From Vista onward, the Windows operating system uses WinSxS for its core components. Operating system files in the winsxs directory are hard linked from their usual locations in the Windows directory structure. A file in a subdirectory in winsxs may be linked from multiple locations (e.g. the System32 directory and application directories). Windows Explorer double-counts the disk space occupied by these files. This can be demonstrated using the fsutil command-line program. Some third-party Explorer extensions to show the link count also exist.

However, not all files from winsxs are projected this way to "live" operating system files. For example, after installing some Windows updates, old file versions replaced by the updates are still kept in winsxs although they are no longer linked in the "live" Windows directories. This allows updates to be uninstalled safely.

Because of its elevated importance, from Vista onward the winsxs directory is owned by the Trusted Installer service SID. By default not even administrators can modify its contents (without taking ownership first). Uninstalling applications does not immediately free space in the winsxs directory; space for unused assemblies is garbage-collected over time by the Installer service.

Although not officially documented, the algorithm for generating the directory names residing inside the winsxs directory has been made public on an MSDN Microsoft employee's blog. The algorithm was changed in the transition from XP to Vista.
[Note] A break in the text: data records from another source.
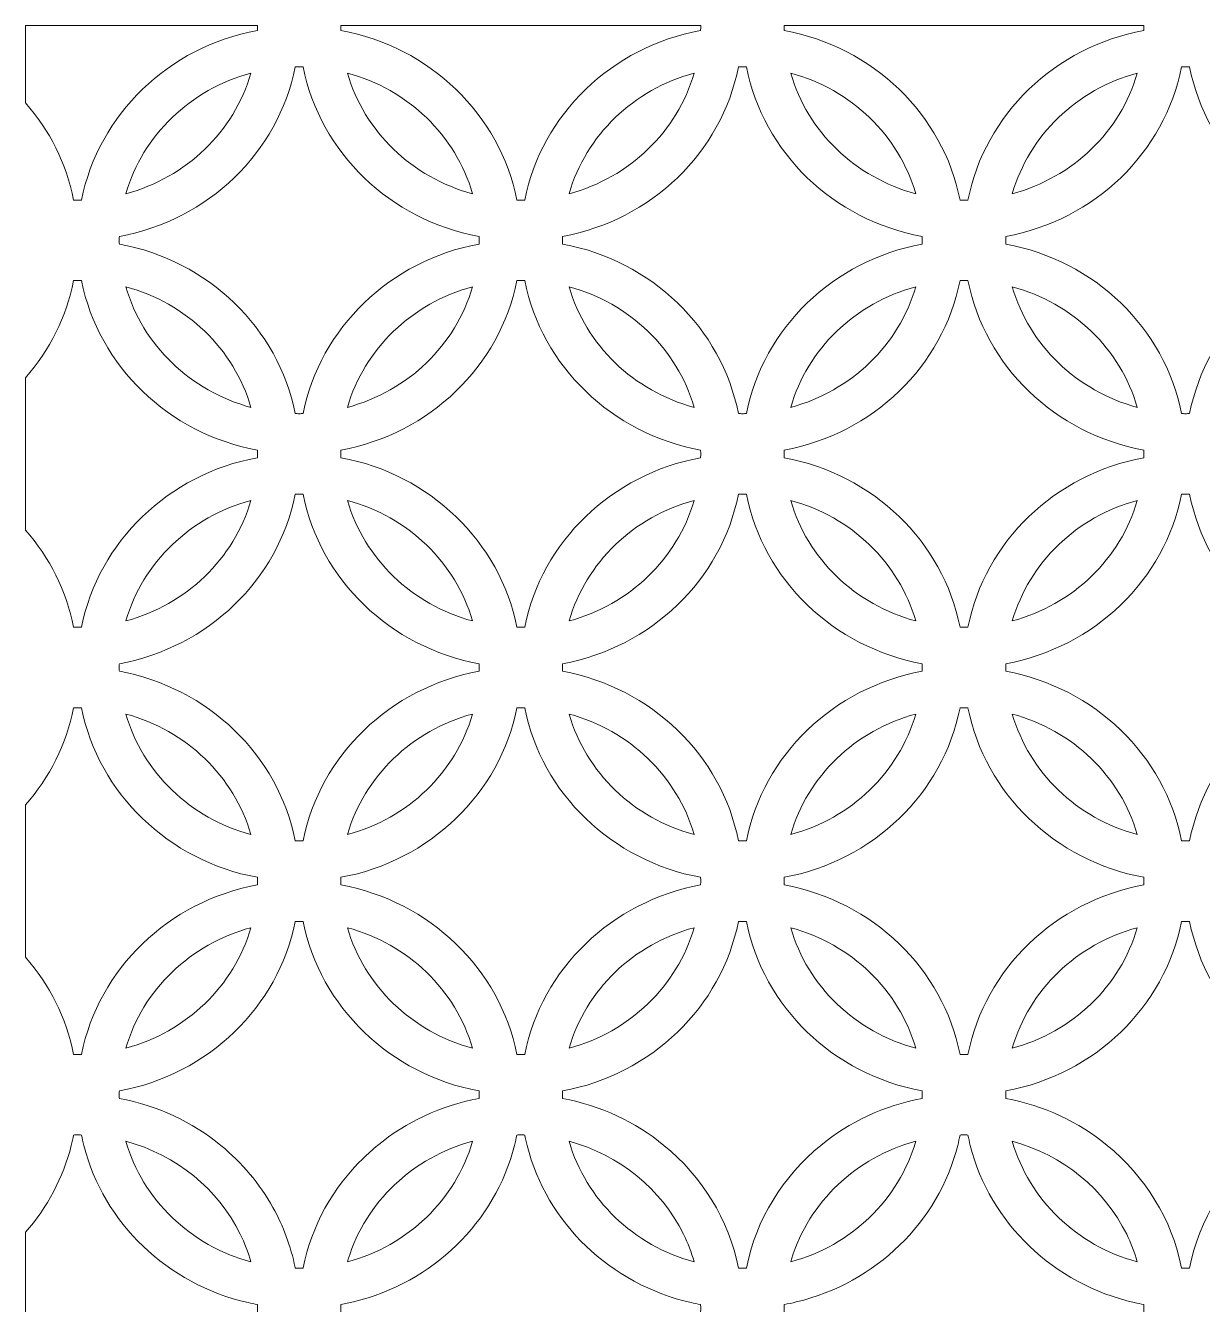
# Model space of a CAD drawing. Header units: millimetres. Extents: x -1200 to 1200, y -590 to 590.
# Drawn here: x -1200 to -657, y 0 to 590 of the extents above; entities that cross this region are included whole.
import ezdxf

# ---------------------------------------------------------------- set-up
doc = ezdxf.new("R2010")
doc.units = ezdxf.units.MM
doc.header["$MEASUREMENT"] = 0
doc.layers.add('Layer 1', color=7, linetype='Continuous')

msp = doc.modelspace()

# ---------------------------------------------------------------- linework, layer by layer
at = {"layer": 'Layer 1', "color": 250, "lineweight": 20}
for points, knots in [([(-1200.05, 589.9734), (-1200.05, 589.9734), (-1093.0627, 589.9734), (-1093.0627, 589.9734), (-1093.0614, 589.8095), (-1093.0606, 589.6453), (-1093.0606, 589.481), (-1093.0606, 588.8933), (-1093.0702, 588.3088), (-1093.0831, 587.7244), (-1134.0907, 580.1821), (-1166.4067, 549.0254), (-1174.2332, 509.4997), (-1174.8402, 509.4868), (-1175.4471, 509.4771), (-1176.0541, 509.4771), (-1176.6644, 509.4771), (-1177.2714, 509.4868), (-1177.8783, 509.4997), (-1181.2166, 526.366), (-1189.0187, 541.7061), (-1200.05, 554.3401), (-1200.05, 554.3401), (-1200.05, 589.9734), (-1200.05, 589.9734)], [0, 0, 0, 0, 0.125, 0.125, 0.125, 0.25, 0.25, 0.25, 0.375, 0.375, 0.375, 0.5, 0.5, 0.5, 0.625, 0.625, 0.625, 0.75, 0.75, 0.75, 0.875, 0.875, 0.875, 1, 1, 1, 1]), ([(-1054.5692, 589.9734), (-1054.5692, 589.9734), (-888.5832, 589.9734), (-888.5832, 589.9734), (-888.5818, 589.8095), (-888.581, 589.6453), (-888.581, 589.481), (-888.581, 588.8933), (-888.5908, 588.3088), (-888.6036, 587.7244), (-929.6114, 580.1821), (-961.9305, 549.0254), (-969.7537, 509.4997), (-970.3607, 509.4868), (-970.9676, 509.4771), (-971.5779, 509.4771), (-972.185, 509.4771), (-972.7918, 509.4868), (-973.3989, 509.4997), (-981.222, 549.0254), (-1013.5443, 580.1821), (-1054.5488, 587.7244), (-1054.5617, 588.3088), (-1054.5714, 588.8933), (-1054.5714, 589.481), (-1054.5714, 589.6453), (-1054.5705, 589.8095), (-1054.5692, 589.9734)], [0, 0, 0, 0, 0.11111111, 0.11111111, 0.11111111, 0.22222222, 0.22222222, 0.22222222, 0.33333333, 0.33333333, 0.33333333, 0.44444444, 0.44444444, 0.44444444, 0.55555556, 0.55555556, 0.55555556, 0.66666667, 0.66666667, 0.66666667, 0.77777778, 0.77777778, 0.77777778, 0.88888889, 0.88888889, 0.88888889, 1, 1, 1, 1]), ([(-850.0897, 589.9734), (-850.0897, 589.9734), (-684.1037, 589.9734), (-684.1037, 589.9734), (-684.1024, 589.8095), (-684.1016, 589.6453), (-684.1016, 589.481), (-684.1016, 588.8933), (-684.1112, 588.3088), (-684.1241, 587.7244), (-725.1286, 580.1821), (-757.4477, 549.0254), (-765.274, 509.4997), (-765.881, 509.4868), (-766.4879, 509.4771), (-767.095, 509.4771), (-767.7051, 509.4771), (-768.3122, 509.4868), (-768.9192, 509.4997), (-776.7425, 549.0254), (-809.0648, 580.1821), (-850.069, 587.7244), (-850.0822, 588.3088), (-850.0918, 588.8933), (-850.0918, 589.481), (-850.0918, 589.6453), (-850.091, 589.8095), (-850.0897, 589.9734)], [0, 0, 0, 0, 0.11111111, 0.11111111, 0.11111111, 0.22222222, 0.22222222, 0.22222222, 0.33333333, 0.33333333, 0.33333333, 0.44444444, 0.44444444, 0.44444444, 0.55555556, 0.55555556, 0.55555556, 0.66666667, 0.66666667, 0.66666667, 0.77777778, 0.77777778, 0.77777778, 0.88888889, 0.88888889, 0.88888889, 1, 1, 1, 1]), ([(-1075.6386, 410.9437), (-1083.4649, 450.4695), (-1115.7809, 481.6263), (-1156.7884, 489.1685), (-1156.8013, 489.7529), (-1156.8112, 490.3373), (-1156.8112, 490.9249), (-1156.8112, 491.5125), (-1156.8013, 492.0969), (-1156.7884, 492.6814), (-1115.7842, 500.2237), (-1083.4617, 531.3805), (-1075.6386, 570.9061), (-1075.0317, 570.919), (-1074.4246, 570.9288), (-1073.8145, 570.9288), (-1073.2073, 570.9288), (-1072.6005, 570.919), (-1071.9934, 570.9061), (-1064.1703, 531.3805), (-1031.851, 500.2237), (-990.8435, 492.6814), (-990.8304, 492.0969), (-990.8208, 491.5125), (-990.8208, 490.9249), (-990.8208, 490.3373), (-990.8304, 489.7529), (-990.8435, 489.1685), (-1031.8479, 481.6263), (-1064.1703, 450.4727), (-1071.9934, 410.9437), (-1072.6005, 410.931), (-1073.2073, 410.9211), (-1073.8145, 410.9211), (-1074.4246, 410.9211), (-1075.0317, 410.931), (-1075.6386, 410.9437)], [0, 0, 0, 0, 0.08333333, 0.08333333, 0.08333333, 0.16666667, 0.16666667, 0.16666667, 0.25, 0.25, 0.25, 0.33333333, 0.33333333, 0.33333333, 0.41666667, 0.41666667, 0.41666667, 0.5, 0.5, 0.5, 0.58333333, 0.58333333, 0.58333333, 0.66666667, 0.66666667, 0.66666667, 0.75, 0.75, 0.75, 0.83333333, 0.83333333, 0.83333333, 0.91666667, 0.91666667, 0.91666667, 1, 1, 1, 1]), ([(-1153.7826, 512.3957), (-1146.0176, 539.3166), (-1124.0139, 560.5259), (-1096.089, 568.0102), (-1103.8542, 541.0893), (-1125.8577, 519.8799), (-1153.7826, 512.3957)], [0, 0, 0, 0, 0.5, 0.5, 0.5, 1, 1, 1, 1]), ([(-993.8493, 512.3957), (-1021.7743, 519.8799), (-1043.7778, 541.0893), (-1051.5429, 568.0102), (-1023.6178, 560.5259), (-1001.6143, 539.3166), (-993.8493, 512.3957)], [0, 0, 0, 0, 0.5, 0.5, 0.5, 1, 1, 1, 1]), ([(-871.159, 410.9437), (-878.9822, 450.4695), (-911.3046, 481.6263), (-952.3091, 489.1685), (-952.3219, 489.7529), (-952.3317, 490.3373), (-952.3317, 490.9249), (-952.3317, 491.5125), (-952.3219, 492.0969), (-952.3091, 492.6814), (-911.3046, 500.2237), (-878.9822, 531.3805), (-871.159, 570.9061), (-870.5521, 570.919), (-869.945, 570.9288), (-869.3348, 570.9288), (-868.7279, 570.9288), (-868.1207, 570.919), (-867.514, 570.9061), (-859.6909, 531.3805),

Windows 7 includes Windows AIK tool Deployment Image Servicing and Management (DISM) which can remove files used by superseded OS updates using the Trusted Installer worker service, without the need to reboot or take down the system; post-SP1 updates add Windows Update cleanup to the Disk Cleanup tool (cleanmgr.exe) and the downloadable System Update Readiness tool (CheckSUR) which can repair components store errors and replace corrupt or missing OS files with known good versions. Windows 8 integrates repair capability to the DISM tool which is now able to copy valid OS files from Windows Update or an offline WIM image, as well as reset the component store to only contain the latest versions of OS components. Windows 10 runs the automatic task to clean up the component store.

== Advantages ==
- For applications that have been built with SxS, multiple applications may coexist that depend on different versions of the same DLL. This is in contrast to non-SxS DLL environments where an original DLL in a shared system folder may be overwritten by the subsequent installation of another program that depends on a different version of the same DLL.
- The XML formatting of the manifest is human-legible and thus makes it easier for developers to determine the dependencies of an application and their versions.

== Disadvantages ==
- In Windows XP, a bug in sxs.dll causes heap corruption, leading to application crashes. This issue is not fixed by any XP service pack. Users must manually install an appropriate update.
- Considerably higher apparent disk space consumption, even though most of the contents of winsxs are just additional hard links to files that exist elsewhere.
- The winsxs directory and Windows Update logs may become corrupted as they grow in size, because security updates add multiple new versions of critical system components to the store. In Windows Vista there is no supported way to significantly reduce the size of the winsxs directory.

== Disk space ==
While the winsxs directory is extremely large and contains multiple versions of many files, there are some files elsewhere in the Windows folder (e.g. System32) that are hardlinks to files in the winsxs directory. Thus, programs estimating the size of the Windows folder must be careful not to add the size of additional hard links to a file after one has already been counted.

DIR and Explorer fail to check for hard links, and so may count the same file multiple times, adding incorrectly to the perceived disk usage. The disk usage reported by these two programs is as if each hard link is an actual file.

Since Windows 8.1, the DISM tool can be used to analyze the component store and report its actual size.